AS CAVERNAS DE AÇO, de Isaac Asimov, ou "O Blade Runner do Bom Doutor"



Por RICARDO CAVALCANTI


Isaac Asimov é um dos grandes nomes da ficção científica clássica, ao lado de Arthur C. Clarke, e isso não tem como negar. Suas obras popularizaram o gênero, angariando milhões de fãs ao redor do mundo. Dono das costeletas mais famosas da ficção científica, Asimov é russo de nascença, mas migrou com sua família aos três anos de idade para os Estados Unidos, se naturalizando por lá (Em 1981, um cometa foi batizado com seu nome). Mestre e doutor em bioquímica, possui mais de 500 obras publicadas, entre história, matemática, ficção científica, fantasia, astronomia, biologia e química. Neste mês de abril, completam-se vinte e cinco anos de seu falecimento. Por conta disso, nós do Zona Negativa, resolvemos prestar uma homenagem, trazendo algumas obras deste autor que é tão importante para a FC. Iniciamos o mês com o excelente conto “A Última Pergunta” e agora damos sequência trazendo uma obra que trata de um assunto que o autor adora: robôs! As Cavernas de Aço, que é o primeiro livro da chamada “Série dos Robôs!”. Fazem parte ainda da série: “O Sol Desvelado”, “Robôs da Alvorada” e “Robôs e o Império”. De todos, somente o último ainda não foi relançado pela Editora Aleph. Mas ao que tudo indica, deve sair agora no segundo semestre de 2017. A última edição havia saído em 1985 pela editora Record.




As três leis da robótica são:



1ª Lei: - Um robô não pode ferir um ser humano ou, por inação, permitir que um ser humano seja ferido.



2ª Lei: – Um robô deve obedecer às ordens dadas por seres humanos, exceto nos casos em que tais ordens entrem em conflito com a primeira lei.



3ª Lei – Um robô deve proteger sua própria existência, desde que tal proteção não entre em conflito com a Primeira ou com a Segunda lei.

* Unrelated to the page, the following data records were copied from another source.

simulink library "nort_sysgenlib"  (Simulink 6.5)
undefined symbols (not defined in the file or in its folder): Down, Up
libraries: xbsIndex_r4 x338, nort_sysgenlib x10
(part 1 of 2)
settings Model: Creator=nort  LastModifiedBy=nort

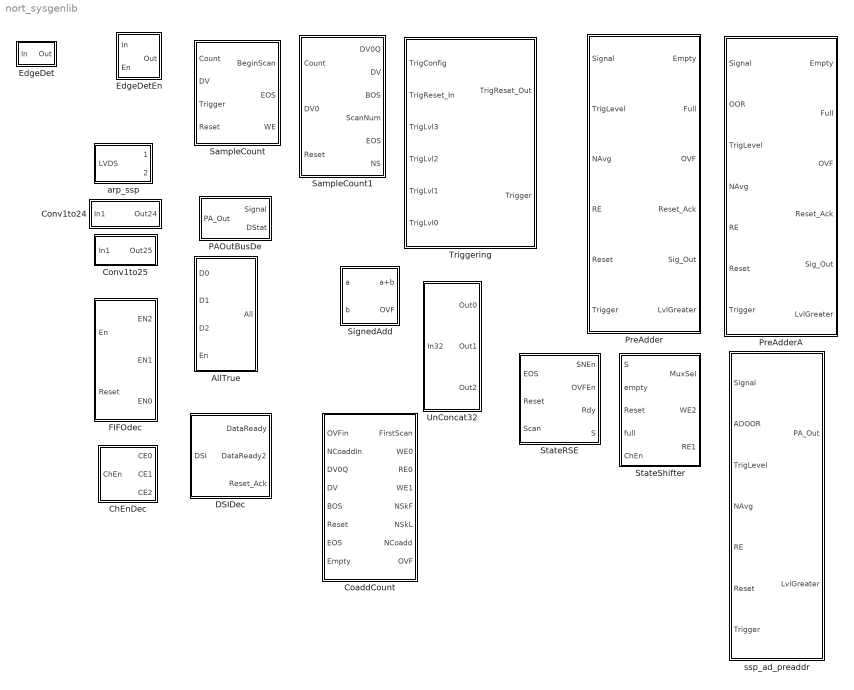
== system nort_sysgenlib ==
  AllTrue : Subsystem
  ChEnDec : Subsystem
  CoaddCount : Subsystem
  Conv1to24 : Subsystem
  Conv1to25 : Subsystem
  DSIDec : Subsystem
  EdgeDet : Subsystem
  EdgeDetEn : Subsystem
  FIFOdec : Subsystem
  PAOutBusDe : Subsystem
  PreAdder : Subsystem
  PreAdderA : Subsystem
  SampleCount : Subsystem
  SampleCount1 : Subsystem
  SignedAdd : Subsystem
  StateRSE : Subsystem
  StateShifter : Subsystem
  Triggering : Subsystem
  UnConcat32 : Subsystem
  arp_ssp : Subsystem
  ssp_ad_preaddr : Subsystem

== system nort_sysgenlib/AllTrue ==
  note: AllTrue: March 7, 2008
  note: Output is true if all
      | the enabled inputs
      | are true.
  D0 : Inport
  D1 : Inport  Port=2
  D2 : Inport  Port=3
  En : Inport  Port=4
  ChEnDec : nort_sysgenlib/ChEnDec  SystemSampleTime=-1
  Inverter : xbsIndex_r4/Inverter  en=off  latency=0  dbl_ovrd=off  block_type=inv
      settings: block_version=9.2.01
  Inverter1 : xbsIndex_r4/Inverter  en=off  latency=0  dbl_ovrd=off  block_type=inv
      settings: block_version=9.2.01
  Inverter2 : xbsIndex_r4/Inverter  en=off  latency=0  dbl_ovrd=off  block_type=inv
      settings: block_version=9.2.01
  Logical1 : xbsIndex_r4/Logical  logical_function=OR  inputs=2  en=off  latency=0  precision=Full  arith_type=Unsigned  n_bits=16  bin_pt=0  align_bp=on  dbl_ovrd=off  block_type=logical
      settings: block_version=9.2.01
  Logical2 : xbsIndex_r4/Logical  logical_function=AND  inputs=3  en=off  latency=0  precision=Full  arith_type=Unsigned  n_bits=16  bin_pt=0  align_bp=on  dbl_ovrd=off  block_type=logical
      settings: block_version=9.2.01
  Logical4 : xbsIndex_r4/Logical  logical_function=OR  inputs=2  en=off  latency=0  precision=Full  arith_type=Unsigned  n_bits=16  bin_pt=0  align_bp=on  dbl_ovrd=off  block_type=logical
      settings: block_version=9.2.01
  Logical6 : xbsIndex_r4/Logical  logical_function=OR  inputs=2  en=off  latency=0  precision=Full  arith_type=Unsigned  n_bits=16  bin_pt=0  align_bp=on  dbl_ovrd=off  block_type=logical
      settings: block_version=9.2.01
  All : Outport
  wires:
  En/1 -> ChEnDec/1
  ChEnDec/3 -> Inverter2/1
  ChEnDec/2 -> Inverter1/1
  ChEnDec/1 -> Inverter/1
  D2/1 -> Logical6/1
  Logical2/1 -> All/1
  D1/1 -> Logical4/1
  D0/1 -> Logical1/1
  Logical6/1 -> Logical2/3
  Logical1/1 -> Logical2/1
  Logical4/1 -> Logical2/2
  Inverter/1 -> Logical1/2
  Inverter1/1 -> Logical4/2
  Inverter2/1 -> Logical6/2

== system nort_sysgenlib/ChEnDec ==
  note: ChEnDec: March 7, 2008
  ChEn : Inport
  ChEnblBit0 : xbsIndex_r4/Slice  nbits=3  boolean_output=on  mode=Lower Bit Location + Width  bit1=0  base1=MSB of Input  bit0=0  base0=LSB of Input  dbl_ovrd=off  block_type=slice
      settings: infoedit="Extracts a given range of bits from each input sample and presents it at the output.  The output type is ordinarily unsigned with binary point at zero, but can be Boolean when the slice is one bit wide.<P><P>Hardware notes: In hardware this block costs nothing."  block_version=8.2
  ChEnblBit1 : xbsIndex_r4/Slice  nbits=3  boolean_output=on  mode=Lower Bit Location + Width  bit1=0  base1=MSB of Input  bit0=1  base0=LSB of Input  dbl_ovrd=off  block_type=slice
      settings: infoedit="Extracts a given range of bits from each input sample and presents it at the output.  The output type is ordinarily unsigned with binary point at zero, but can be Boolean when the slice is one bit wide.<P><P>Hardware notes: In hardware this block costs nothing."  block_version=8.2
  ChEnblBit2 : xbsIndex_r4/Slice  nbits=3  boolean_output=on  mode=Lower Bit Location + Width  bit1=0  base1=MSB of Input  bit0=2  base0=LSB of Input  dbl_ovrd=off  block_type=slice
      settings: infoedit="Extracts a given range of bits from each input sample and presents it at the output.  The output type is ordinarily unsigned with binary point at zero, but can be Boolean when the slice is one bit wide.<P><P>Hardware notes: In hardware this block costs nothing."  block_version=8.2
  CE0 : Outport
  CE1 : Outport  Port=2
  CE2 : Outport  Port=3
  wires:
  ChEnblBit2/1 -> CE2/1
  ChEnblBit1/1 -> CE1/1
  ChEnblBit0/1 -> CE0/1
  ChEn/1 -> ChEnblBit2/1, ChEnblBit1/1, ChEnblBit0/1

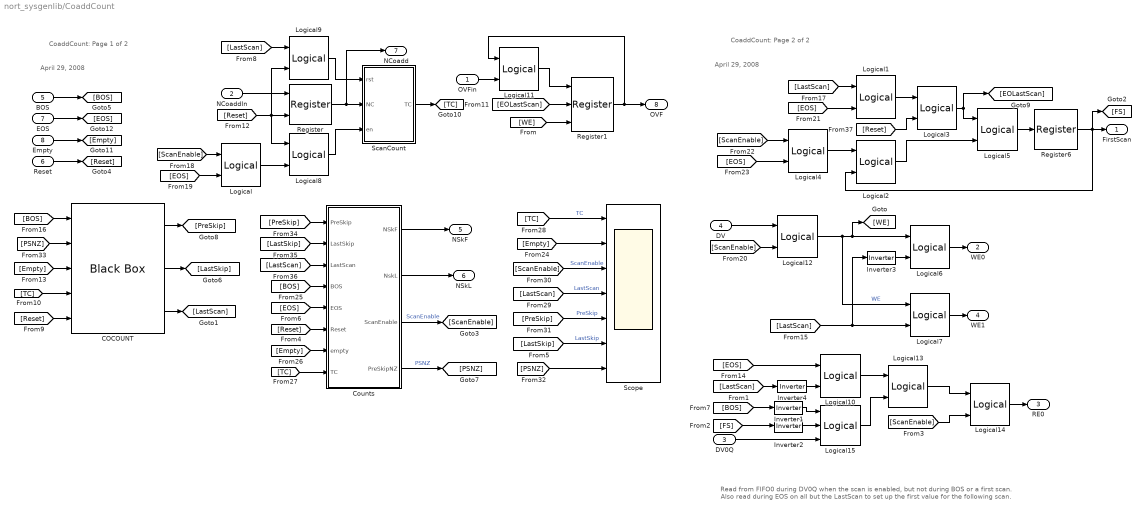
== system nort_sysgenlib/CoaddCount ==
  note: Read from FIFO0 during DV0Q when the scan is enabled, but not during BOS or a first scan.
      | Also read during EOS on all but the LastScan to set up the first value for the following scan.
  note: April 29, 2008
  note: CoaddCount: Page 2 of 2
  note: April 29, 2008
  note: CoaddCount: Page 1 of 2
  OVFin : Inport
  NCoaddIn : Inport  Port=2
  DV0Q : Inport  Port=3
  DV : Inport  Port=4
  BOS : Inport  Port=5
  Reset : Inport  Port=6
  EOS : Inport  Port=7
  Empty : Inport  Port=8
  COCOUNT : xbsIndex_r4/Black Box  init_code=COCOUNT_config  sim_method=ISE Simulator  block_type=blackbox2
      settings: infoedit="Incorporates black box HDL and simulation model into a System Generator design.<P><P>You must supply a Black Box with certain information about the HDL component you would like to bring into System Generator. This information is provided through a Matlab function.<P><P>When \"Simulation mode\" is set to \"Inactive\", you will typically want to provide a separate simulation model by using a Simulation Multiplexer.<P>When \"Simulation mode\" is set to \"External co-simulator\", you must include a ModelSim block in the design."  block_version=9.2.01
  Counts : Subsystem
  Inverter{1..4} (4 alike) : xbsIndex_r4/Inverter  en=off  latency=0  dbl_ovrd=off  block_type=inv
      settings: block_version=9.2.01
  Logical{,1..2,6..7,10,12,14} (8 alike) : xbsIndex_r4/Logical  logical_function=AND  inputs=2  en=off  latency=0  precision=Full  arith_type=Unsigned  n_bits=16  bin_pt=0  align_bp=on  dbl_ovrd=off  block_type=logical
      settings: block_version=9.2.01
  Logical{3,5,8..9,11,13} (6 alike) : xbsIndex_r4/Logical  logical_function=OR  inputs=2  en=off  latency=0  precision=Full  arith_type=Unsigned  n_bits=16  bin_pt=0  align_bp=on  dbl_ovrd=off  block_type=logical
      settings: block_version=9.2.01
  Logical15 : xbsIndex_r4/Logical  logical_function=AND  inputs=3  en=off  latency=0  precision=Full  arith_type=Unsigned  n_bits=16  bin_pt=0  align_bp=on  dbl_ovrd=off  block_type=logical
      settings: block_version=9.2.01
  Logical4 : xbsIndex_r4/Logical  logical_function=NAND  inputs=2  en=off  latency=0  precision=Full  arith_type=Unsigned  n_bits=16  bin_pt=0  align_bp=on  dbl_ovrd=off  block_type=logical
      settings: block_version=9.2.01
  Register : xbsIndex_r4/Register  init=0  rst=off  en=on  dbl_ovrd=off  block_type=register
      settings: block_version=9.2.01
  Register1 : xbsIndex_r4/Register  init=0  rst=on  en=on  dbl_ovrd=off  block_type=register
      settings: block_version=9.2.01
  Register6 : xbsIndex_r4/Register  init=0  rst=off  en=off  dbl_ovrd=off  block_type=register
      settings: block_version=9.2.01
  ScanCount : Subsystem
  Scope : Scope  NumInputPorts=7
      settings: TickLabels=on  TimeRange=5000  YMin=-0.25~-0.25~-0.15~-0.25~-0.25~-0.25~-0.25  YMax=1.25~1.25~1.25~1.25~1.25~1.25~1.25
  FirstScan : Outport
  WE0 : Outport  Port=2
  RE0 : Outport  Port=3
  WE1 : Outport  Port=4
  NSkF : Outport  Port=5
  NSkL : Outport  Port=6
  NCoadd : Outport  Port=7
  OVF : Outport  Port=8
  wires:
  Logical3/1 -> [EOLastScan], Logical5/1
  Logical5/1 -> Register6/1
  Inverter2/1 -> Logical15/2
  Inverter1/1 -> Logical15/1
  [Reset] -> Logical3/2
  [LastScan] -> Counts/3(LastScan)
  [LastSkip] -> Counts/2(LastSkip)
  [PreSkip] -> Counts/1(PreSkip)
  [PSNZ] -> COCOUNT/2
  [PSNZ] -> Scope/7
  [TC] -> Counts/8(TC)
  [Empty] -> Counts/7(empty)
  [BOS] -> Counts/4(BOS)
  COCOUNT/2 -> [LastSkip]
  COCOUNT/3 -> [LastScan]
  [Empty] -> Scope/2
  [ScanEnable] -> Logical14/2
  [EOS] -> Logical4/2
  [ScanEnable] -> Logical4/1
  Logical4/1 -> Logical2/1
  Logical2/1 -> Logical5/2
  Logical1/1 -> Logical3/1
  [EOS] -> Logical1/2
  [LastScan] -> Logical1/1
  [EOS] -> Logical/2
  [ScanEnable] -> Logical/1
  Counts/4(PreSkipNZ) -> [PSNZ]  "PSNZ"
  [BOS] -> COCOUNT/1
  [Empty] -> COCOUNT/3
  [TC] -> COCOUNT/4
  [Reset] -> COCOUNT/5
  [LastScan] -> Logical9/1
  EOS/1 -> [EOS]
  [LastSkip] -> Scope/6  "LastSkip"
  [PreSkip] -> Scope/5  "PreSkip"
  [ScanEnable] -> Scope/3  "ScanEnable"
  [LastScan] -> Scope/4  "LastScan"
  [TC] -> Scope/1  "TC"
  Logical14/1 -> RE0/1
  Logical15/1 -> Logical13/2
  [FS] -> Inverter2/1
  Inverter4/1 -> Logical10/2
  Logical10/1 -> Logical13/1
  DV0Q/1 -> Logical15/3
  Logical13/1 -> Logical14/1
  [LastScan] -> Inverter4/1
  Logical11/1 -> Register1/1
  [WE] -> Register1/3
  Logical12/1 -> Logical7/1, Logical6/1, [WE]  "WE"
  Register1/1 -> Logical11/1, OVF/1
  OVFin/1 -> Logical11/2
  Logical9/1 -> ScanCount/1(rst)
  Logical8/1 -> ScanCount/3(en)
  Logical7/1 -> WE1/1
  Logical6/1 -> WE0/1
  Inverter3/1 -> Logical6/2
  DV/1 -> Logical12/1
  Counts/3(ScanEnable) -> [ScanEnable]  "ScanEnable"
  COCOUNT/1 -> [PreSkip]
  BOS/1 -> [BOS]
  Empty/1 -> [Empty]
  ScanCount/1(TC) -> [TC]
  Register6/1 -> Logical2/2, [FS], FirstScan/1
  Counts/2(NskL) -> NSkL/1
  Counts/1(NSkF) -> NSkF/1
  Register/1 -> NCoadd/1, ScanCount/2(NC)
  NCoaddIn/1 -> Register/1
  Reset/1 -> [Reset]
  [Reset] -> Counts/6(Reset)
  [EOS] -> Counts/5(EOS)
  [BOS] -> Inverter1/1
  [EOLastScan] -> Register1/2
  [Reset] -> Logical8/1, Register/2, Logical9/2
  Logical/1 -> Logical8/2
  [EOS] -> Logical10/1
  [LastScan] -> Logical7/2, Inverter3/1
  [ScanEnable] -> Logical12/2

== system nort_sysgenlib/Conv1to24 ==
  In1 : Inport
  To24Bits : xbsIndex_r4/Convert  arith_type="Signed  (2's comp)"  n_bits=24  bin_pt=0  quantization=Truncate  overflow=Wrap  latency=0  dbl_ovrd=off  pipeline=off  block_type=convert
      settings: block_version=9.2.01
  ToSigned : xbsIndex_r4/Convert  arith_type="Signed  (2's comp)"  n_bits=1  bin_pt=0  quantization=Truncate  overflow=Wrap  latency=0  dbl_ovrd=off  pipeline=off  block_type=convert
      settings: block_version=9.2.01
  Out24 : Outport
  wires:
  In1/1 -> ToSigned/1
  ToSigned/1 -> To24Bits/1
  To24Bits/1 -> Out24/1

== system nort_sysgenlib/Conv1to25 ==
  In1 : Inport
  To25Bits : xbsIndex_r4/Convert  arith_type="Signed  (2's comp)"  n_bits=25  bin_pt=0  quantization=Truncate  overflow=Wrap  latency=0  dbl_ovrd=off  pipeline=off  block_type=convert
      settings: block_version=9.2.01
  ToSigned : xbsIndex_r4/Convert  arith_type="Signed  (2's comp)"  n_bits=1  bin_pt=0  quantization=Truncate  overflow=Wrap  latency=0  dbl_ovrd=off  pipeline=off  block_type=convert
      settings: block_version=9.2.01
  Out25 : Outport
  wires:
  In1/1 -> ToSigned/1
  ToSigned/1 -> To25Bits/1
  To25Bits/1 -> Out25/1

== system nort_sysgenlib/DSIDec ==
  note: DSIDec: April 29, 2008
  DSI : Inport
  Empty_Bit2 : xbsIndex_r4/Slice  nbits=1  boolean_output=on  mode=Lower Bit Location + Width  bit1=0  base1=MSB of Input  bit0=2  base0=LSB of Input  dbl_ovrd=off  block_type=slice
      settings: infoedit="Extracts a given range of bits from each input sample and presents it at the output.  The output type is ordinarily unsigned with binary point at zero, but can be Boolean when the slice is one bit wide.<P><P>Hardware notes: In hardware this block costs nothing."  block_version=9.2.01
  Full_Bit1 : xbsIndex_r4/Slice  nbits=1  boolean_output=on  mode=Lower Bit Location + Width  bit1=0  base1=MSB of Input  bit0=1  base0=LSB of Input  dbl_ovrd=off  block_type=slice
      settings: infoedit="Extracts a given range of bits from each input sample and presents it at the output.  The output type is ordinarily unsigned with binary point at zero, but can be Boolean when the slice is one bit wide.<P><P>Hardware notes: In hardware this block costs nothing."  block_version=9.2.01
  Inverter2 : xbsIndex_r4/Inverter  en=off  latency=0  dbl_ovrd=off  block_type=inv
      settings: block_version=9.2.01
  RAck_Bit0 : xbsIndex_r4/Slice  nbits=1  boolean_output=on  mode=Lower Bit Location + Width  bit1=0  base1=MSB of Input  bit0=0  base0=LSB of Input  dbl_ovrd=off  block_type=slice
      settings: infoedit="Extracts a given range of bits from each input sample and presents it at the output.  The output type is ordinarily unsigned with binary point at zero, but can be Boolean when the slice is one bit wide.<P><P>Hardware notes: In hardware this block costs nothing."  block_version=9.2.01
  DataReady : Outport
  DataReady2 : Outport  Port=2
  Reset_Ack : Outport  Port=3
  wires:
  RAck_Bit0/1 -> Reset_Ack/1
  Full_Bit1/1 -> DataReady2/1
  Inverter2/1 -> DataReady/1
  Empty_Bit2/1 -> Inverter2/1
  DSI/1 -> RAck_Bit0/1, Full_Bit1/1, Empty_Bit2/1

== system nort_sysgenlib/EdgeDet ==
  note: Simple Edge Detector
  In : Inport
  Delay : xbsIndex_r4/Delay  en=off  latency=1  dbl_ovrd=off  reg_retiming=off  block_type=delay
      settings: block_version=9.1.01
  Delay1 : xbsIndex_r4/Delay  en=off  latency=1  dbl_ovrd=off  reg_retiming=off  block_type=delay
      settings: block_version=9.1.01
  Inverter1 : xbsIndex_r4/Inverter  en=off  latency=0  dbl_ovrd=off  block_type=inv
      settings: block_version=9.1.01
  Logical3 : xbsIndex_r4/Logical  logical_function=AND  inputs=2  en=off  latency=0  precision=Full  arith_type=Unsigned  n_bits=16  bin_pt=0  align_bp=on  dbl_ovrd=off  block_type=logical
      settings: block_version=9.1.01
  Out : Outport
  wires:
  Delay1/1 -> Delay/1, Logical3/2
  Logical3/1 -> Out/1
  Inverter1/1 -> Logical3/1
  Delay/1 -> Inverter1/1
  In/1 -> Delay1/1

== system nort_sysgenlib/EdgeDetEn ==
  note: Edge Detection with Enable
  In : Inport
  En : Inport  Port=2
  Delay : xbsIndex_r4/Delay  en=off  latency=1  dbl_ovrd=off  reg_retiming=off  block_type=delay
      settings: block_version=9.1.01
  Delay1 : xbsIndex_r4/Delay  en=on  latency=1  dbl_ovrd=off  reg_retiming=off  block_type=delay
      settings: block_version=9.1.01
  Inverter1 : xbsIndex_r4/Inverter  en=off  latency=0  dbl_ovrd=off  block_type=inv
      settings: block_version=9.1.01
  Logical3 : xbsIndex_r4/Logical  logical_function=AND  inputs=2  en=off  latency=0  precision=Full  arith_type=Unsigned  n_bits=16  bin_pt=0  align_bp=on  dbl_ovrd=off  block_type=logical
      settings: block_version=9.1.01
  Out : Outport
  wires:
  En/1 -> Delay1/2
  In/1 -> Delay1/1
  Delay1/1 -> Delay/1, Logical3/2
  Logical3/1 -> Out/1
  Inverter1/1 -> Logical3/1
  Delay/1 -> Inverter1/1

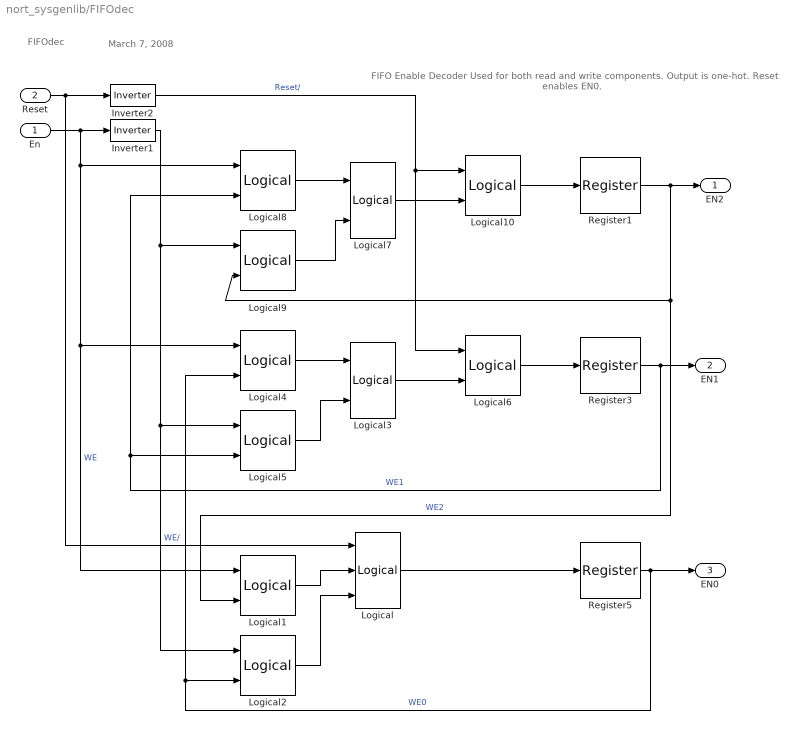
== system nort_sysgenlib/FIFOdec ==
  note: FIFO Enable Decoder
      | Used for both read and write components.
      | Output is one-hot. Reset enables EN0.
  note: March 7, 2008
  note: FIFOdec
  En : Inport
  Reset : Inport  Port=2
  Inverter1 : xbsIndex_r4/Inverter  en=off  latency=0  dbl_ovrd=off  block_type=inv
      settings: block_version=9.2.01
  Inverter2 : xbsIndex_r4/Inverter  en=off  latency=0  dbl_ovrd=off  block_type=inv
      settings: block_version=9.2.01
  Logical : xbsIndex_r4/Logical  logical_function=OR  inputs=3  en=off  latency=0  precision=Full  arith_type=Unsigned  n_bits=16  bin_pt=0  align_bp=on  dbl_ovrd=off  block_type=logical
      settings: block_version=9.2.01
  Logical{1..2,4..6,8..10} (8 alike) : xbsIndex_r4/Logical  logical_function=AND  inputs=2  en=off  latency=0  precision=Full  arith_type=Unsigned  n_bits=16  bin_pt=0  align_bp=on  dbl_ovrd=off  block_type=logical
      settings: block_version=9.2.01
  Logical3 : xbsIndex_r4/Logical  logical_function=OR  inputs=2  en=off  latency=0  precision=Full  arith_type=Unsigned  n_bits=16  bin_pt=0  align_bp=on  dbl_ovrd=off  block_type=logical
      settings: block_version=9.2.01
  Logical7 : xbsIndex_r4/Logical  logical_function=OR  inputs=2  en=off  latency=0  precision=Full  arith_type=Unsigned  n_bits=16  bin_pt=0  align_bp=on  dbl_ovrd=off  block_type=logical
      settings: block_version=9.2.01
  Register1 : xbsIndex_r4/Register  init=0  rst=off  en=off  dbl_ovrd=off  block_type=register
      settings: block_version=9.2.01
  Register3 : xbsIndex_r4/Register  init=0  rst=off  en=off  dbl_ovrd=off  block_type=register
      settings: block_version=9.2.01
  Register5 : xbsIndex_r4/Register  init=0  rst=off  en=off  dbl_ovrd=off  block_type=register
      settings: block_version=9.2.01
  EN2 : Outport
  EN1 : Outport  Port=2
  EN0 : Outport  Port=3
  wires:
  Logical8/1 -> Logical7/1
  Inverter2/1 -> Logical10/1, Logical6/1  "Reset/"
  Logical10/1 -> Register1/1
  Logical7/1 -> Logical10/2
  Logical9/1 -> Logical7/2
  Logical6/1 -> Register3/1
  Logical3/1 -> Logical6/2
  Logical4/1 -> Logical3/1
  Logical5/1 -> Logical3/2
  Logical1/1 -> Logical/2
  Logical2/1 -> Logical/3
  Inverter1/1 -> Logical9/1, Logical5/1, Logical2/1  "WE/"
  En/1 -> Logical8/1, Logical4/1, Logical1/1, Inverter1/1  "WE"
  Reset/1 -> Inverter2/1, Logical/1
  Logical/1 -> Register5/1
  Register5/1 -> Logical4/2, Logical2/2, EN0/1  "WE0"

Asimov usou e abusou das três leis da robótica que ele mesmo criou. Apesar de ter utilizado tais leis em alguns contos, acabou tomando uma maior dimensão a partir do momento que os juntou, transformando em um livro: “Eu, Robô”. Depois disso, a cada conto, a cada livro, a cada história, parecia que ele estava tentando testar os limites de tais leis. Depois de algum tempo, ainda resolveu incluir mais uma lei, que viria antes das anteriores. A chamada “Lei Zero”:
 

Um robô não pode causar mal à humanidade ou, por omissão, permitir que a humanidade sofra algum mal.”



As três leis ainda foram utilizadas na “adaptação” para o cinema de “Eu, Robô”, com Will Smith. Provavelmente, a única coisa da obra de Asimov que está no filme. De resto, não tem mais nada. As leis estão também presentes no conto O Homem Bicentenário (The Bicentennial Man), que virou filme em 2000 com Robin Williams. Mas não estamos aqui para falar de adaptações para o cinema. Vamos ao que interessa!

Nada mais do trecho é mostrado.